= Demographic history of Pomerania =

Mother Tongues of the Province of Pomerania, according to the 1905 Census

Pomerania has experienced several transitions not only of culture and administration, but also of its population.

In 997 AD many Old Prussians were baptized by Adalbert of Prague in the Vistula Delta. By that time Slavs had moved up north and the territory became known as Pomerania by 1046 AD.

The second major transition of most of the Pomeranian tribes was from Slavic to German in the 14th century. At the end of the first millennium, Piast Poland incorporated whole of Pomerania into its state. Afterwards, in the beginning of the second millennium, Denmark and the German Holy Roman Empire started to incorporate pagan Pomeranian territories into their expanding feudal states. Most Slavic Pomeranian tribes west of the Oder had lost their independence in late 12th century. In the course of the 14th and 15th century, German settlement in the Duchy of Pomerania increased. Where Slavic population was left, they were called Wends, Kashubians or Slovincians to distinguish them from the German Pomeranians. Whereas through later history the Kashubs were only minority in the Eastern Duchy of Pomerania, their numbers were notably higher in Pomerelia as well as the numbers of Germans were significantly lower there either. Pomeranian history was, from that time, closely tied to the history of Germany, Denmark and Sweden, whereas Pomerelian history was also until 1308 and between 1466 and 1772 closely tied to Poland.

In the 17th and 18th centuries, the Thirty Years' War and the Nordic Wars had a severe impact on all of Germany including the Pomeranian population. More than half died and many villages were wiped out. After this enormous population drop, new settlers were called in from less devastated German territories. Yet, not all villages were repopulated, so today's density of communities is not as high as back in the Middle Ages.

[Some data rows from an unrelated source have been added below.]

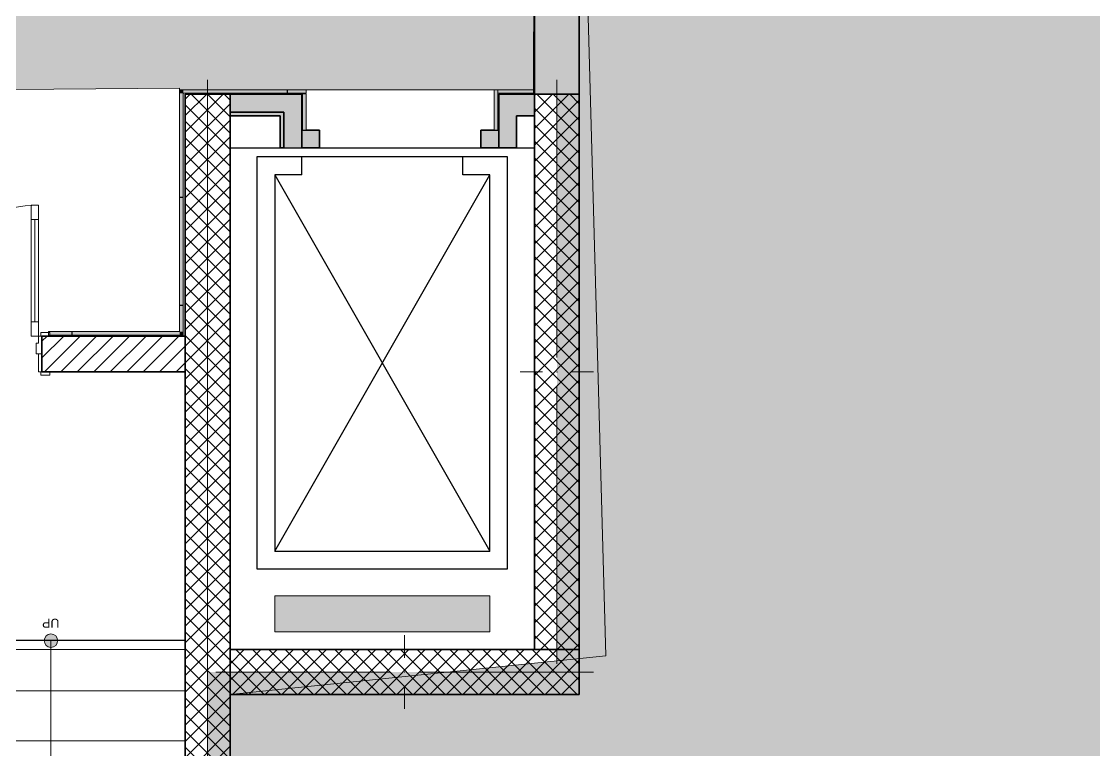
# Model space of a CAD drawing. Header units: millimetres. Extents: x -5491 to 122470, y -101890 to 30952.
# Drawn here: x 15785 to 21777, y -15064 to -10995 of the extents above; entities that cross this region are included whole.
import ezdxf
from ezdxf.enums import TextEntityAlignment as Align

# ---------------------------------------------------------------- set-up
doc = ezdxf.new("R2010")
doc.units = ezdxf.units.MM
doc.header["$MEASUREMENT"] = 0
doc.linetypes.add('Dense Dotted', pattern=[88.194442, 0, -88.194442])
doc.linetypes.add('Wipeout_Contour', pattern=[1000, 0, -1000])
for name, color, linetype in [('-  Pllakat_koridore_E', 7, 'Continuous'), ('- lokalet e', 7, 'Continuous'), ('A - Muret', 7, 'Continuous'), ('A - Pllaka Suteren', 7, 'Continuous'), ('A - Shtyllat', 7, 'Continuous'), ('Structural - Stair & Railing', 7, 'Continuous')]:
    doc.layers.add(name, color=color, linetype=linetype)
for name, color, linetype, lineweight, true_color in [('-  Pllakat_koridore_E_Pen_No__145', 7, 'Continuous', 20, 0x0077b0), ('2D Drafting - General_Pen_No__82', 7, 'Continuous', 20, 0xaaaaaa), ('ARCHICAD Doors_Pen_No__108', 7, 'Continuous', 13, 0xfd8379), ('Structural - Stair & Railing_Pen_No__71', 171, 'Continuous', 20, 0xaaaaff), ('Structural - Stair & Railing_Pen_No__91', 171, 'Continuous', 13, 0xaaaaff)]:
    doc.layers.add(name, color=color, linetype=linetype, lineweight=lineweight, true_color=true_color)
for name, color, linetype, lineweight in [('- lokalet e_Pen_No__132', 255, 'Continuous', 0), ('0_Pen_No__132', 255, 'Continuous', 0), ('2D Drafting - General_Pen_No__102', 254, 'Continuous', 13), ('2D Drafting - General_Pen_No__2', 8, 'Continuous', 15), ('2D Drafting - General_Pen_No__42', 8, 'Continuous', 25), ('A - Fill Zone_Pen_No__102', 254, 'Continuous', 13), ('A - Muret_Pen_No__7', 7, 'Continuous', 35), ('A - Pllaka Suteren_Pen_No__42', 8, 'Continuous', 25), ('A - Shtyllat_Pen_No__1', 7, 'Continuous', 13), ('A - Shtyllat_Pen_No__7', 7, 'Continuous', 35), ('ARCHICAD Zone Stamps_Pen_No__1', 7, 'Continuous', 13), ('Structural - Stair & Railing_Pen_No__11', 171, 'Continuous', 18)]:
    doc.layers.add(name, color=color, linetype=linetype, lineweight=lineweight)
doc.styles.add('GENERATED_STYLE_1', font='')
doc.styles.get('GENERATED_STYLE_1').set_extended_font_data('Arial')
pattern_1 = [(45, (0, 0), (-45.96194, 45.96194), [])]
pattern_2 = [(45, (0, 0), (-45.96194, 45.96194), []), (135, (0, 0), (45.96194, 45.96194), [])]

# ---------------------------------------------------------------- blocks, each defined once
blk = doc.blocks.new('Banjo_A - P27_4', base_point=(19391.6, -3997.9))
at = {"layer": '- lokalet e', "linetype": 'Continuous', "lineweight": 0, "true_color": 0x3f3f3f}
blk.add_hatch(color=250, dxfattribs=at).paths.add_polyline_path([(16977.5, -18945.8), (23177.5, -18945.8), (23177.5, -55), (16625, 0), (16875, -9150.8), (18900, -9150.8), (19048.4, -14536.3), (16950, -14750.8)])
at = {"layer": 'ARCHICAD Zone Stamps_Pen_No__1', "color": 7, "lineweight": 13, "style": 'GENERATED_STYLE_1'}
for tag, p in [('DUMMY_849', (19267, -3585.4)), ('ROOM_NAME', (18743.1, -3619.7)), ('floorCode', (18743.1, -3914.3)), ('stFloorCovering', (19006.4, -3914.3)), ('measuredAreaCode', (18743.1, -4208.9))]:
    blk.add_attdef(tag, text='', height=150, dxfattribs=at).set_placement(p, align=Align.TOP_LEFT)
blk = doc.blocks.new('Koridori_A - P34_11', base_point=(14961.2, -10939.6))
at = {"linetype": 'Continuous', "lineweight": 0, "true_color": 0x3f3f3f}
blk.add_hatch(color=250, dxfattribs=at).paths.add_polyline_path([(13624.7, -11391.5), (16668.7, -11366.7), (16668.7, -11375.9), (18645, -11375.9), (18650, -9420.8), (16625, -9400.8), (16625, -2200), (13600, -2200), (13600, -9400.8), (11850, -9400.8), (11850, -11400.8), (13625, -11375.9)])
at = {"layer": 'ARCHICAD Zone Stamps_Pen_No__1', "color": 7, "lineweight": 13, "style": 'GENERATED_STYLE_1'}
for tag, p in [('DUMMY_849', (15075.9, -10527.1)), ('ROOM_NAME', (14369.6, -10561.4)), ('measuredAreaCode', (14369.6, -10856)), ('perimeterCode', (14369.6, -11150.7))]:
    blk.add_attdef(tag, text='', height=150, dxfattribs=at).set_placement(p, align=Align.TOP_LEFT)
blk = doc.blocks.new('Slab_1', base_point=(-1850, -19000.8))
at = {"layer": 'A - Pllaka Suteren_Pen_No__42', "color": 8, "linetype": 'Continuous', "lineweight": 25, "flags": 128}
for points in [[(18650, -14500.8), (16950, -14500.8), (16950, -11700.8), (18650, -11700.8)], [(16700, -18750.8), (16700, -14450.8), (15100, -14450.8), (15100, -15290.8), (13600, -15290.8), (13600, -18750.8)]]:
    blk.add_lwpolyline(points, close=True, dxfattribs=at)
blk = doc.blocks.new('Stair_1')
at = {"layer": 'Structural - Stair & Railing_Pen_No__71', "linetype": 'Continuous', "lineweight": 20, "true_color": 0xaaaaff}
blk.add_hatch(color=161, dxfattribs=at).paths.add_polyline_path([(15912.5, -14450.8, 1), (15987.5, -14450.8, 1)])
at = {"layer": 'Structural - Stair & Railing_Pen_No__11', "color": 171, "linetype": 'Continuous', "lineweight": 18}
for p, q in [((16700, -14450.8), (15200, -14450.8)), ((15950, -14450.8), (15950, -14730.8)), ((16700, -14730.8), (16700, -14450.8)), ((15200, -14730.8), (16700, -14730.8)), ((16700, -14730.8), (15200, -14730.8)), ((15950, -14730.8), (15950, -15850.8)), ((16700, -15010.8), (16700, -14730.8)), ((15200, -15010.8), (16700, -15010.8)), ((16700, -15010.8), (15200, -15010.8)), ((16700, -15290.8), (16700, -15010.8))]:
    blk.add_line(p, q, dxfattribs=at)
at = {"layer": 'Structural - Stair & Railing_Pen_No__11', "color": 171, "linetype": 'Continuous', "lineweight": 18, "flags": 128}
blk.add_lwpolyline([(15912.5, -14450.8, 1), (15987.5, -14450.8, 1)], format="xyb", close=True, dxfattribs=at)
at = {"layer": 'Structural - Stair & Railing_Pen_No__91', "color": 161, "linetype": 'Continuous', "lineweight": 13, "true_color": 0xaaaaff}
for p, q in [((16700, -14500.8), (15200, -14500.8)), ((16700, -15570.8), (16700, -14500.8))]:
    blk.add_line(p, q, dxfattribs=at)
at = {"layer": 'Structural - Stair & Railing_Pen_No__71', "color": 161, "lineweight": 20, "true_color": 0xaaaaff, "insert": (15997.5, -14353.3), "char_height": 50, "attachment_point": 4, "rotation": 180, "style": 'GENERATED_STYLE_1'}
blk.add_mtext('\\A1;{\\pql;\\fArial|b0|i0|c0|p34;UP}', dxfattribs=at)
blk = doc.blocks.new('Wall_3', base_point=(16950, -11400.8))
at = {"layer": 'A - Muret', "linetype": 'Continuous', "lineweight": 0, "true_color": 0x000000}
for points in [[(17230, -11400.8), (16950, -11400.8), (16950, -11520.8), (17230, -11520.8)], [(17230, -11520.8), (17350, -11520.8), (17350, -11400.8)], [(17230, -11520.8), (17350, -11400.8), (17230, -11400.8)]]:
    blk.add_hatch(color=18, dxfattribs=at).paths.add_polyline_path(points)
at = {"layer": 'A - Muret_Pen_No__7', "color": 7, "linetype": 'Continuous', "lineweight": 35, "flags": 128}
for points in [[(17350, -11400.8), (16950, -11400.8)], [(17350, -11400.8), (17350, -11520.8)], [(16950, -11520.8), (17230, -11520.8)]]:
    blk.add_lwpolyline(points, dxfattribs=at)
blk = doc.blocks.new('Wall_4', base_point=(17350, -11400.8))
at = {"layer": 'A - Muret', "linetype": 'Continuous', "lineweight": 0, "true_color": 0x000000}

The third major change of Pomeranian population happened in the course of World War II and its aftermath. In Nazi Germany, Jews and many members of the Polish minority were murdered. Due to the advance of the Red Army and the territorial changes after the war, nearly all Germans populating post-war Poland that survived the war and failed to evacuate in 1945 were expelled to post-war Germany 1945-1947. The major, now Polish part of Pomerania was resettled mostly with Poles, in part expellees from the former eastern territories of Poland annexed by the Soviet Union.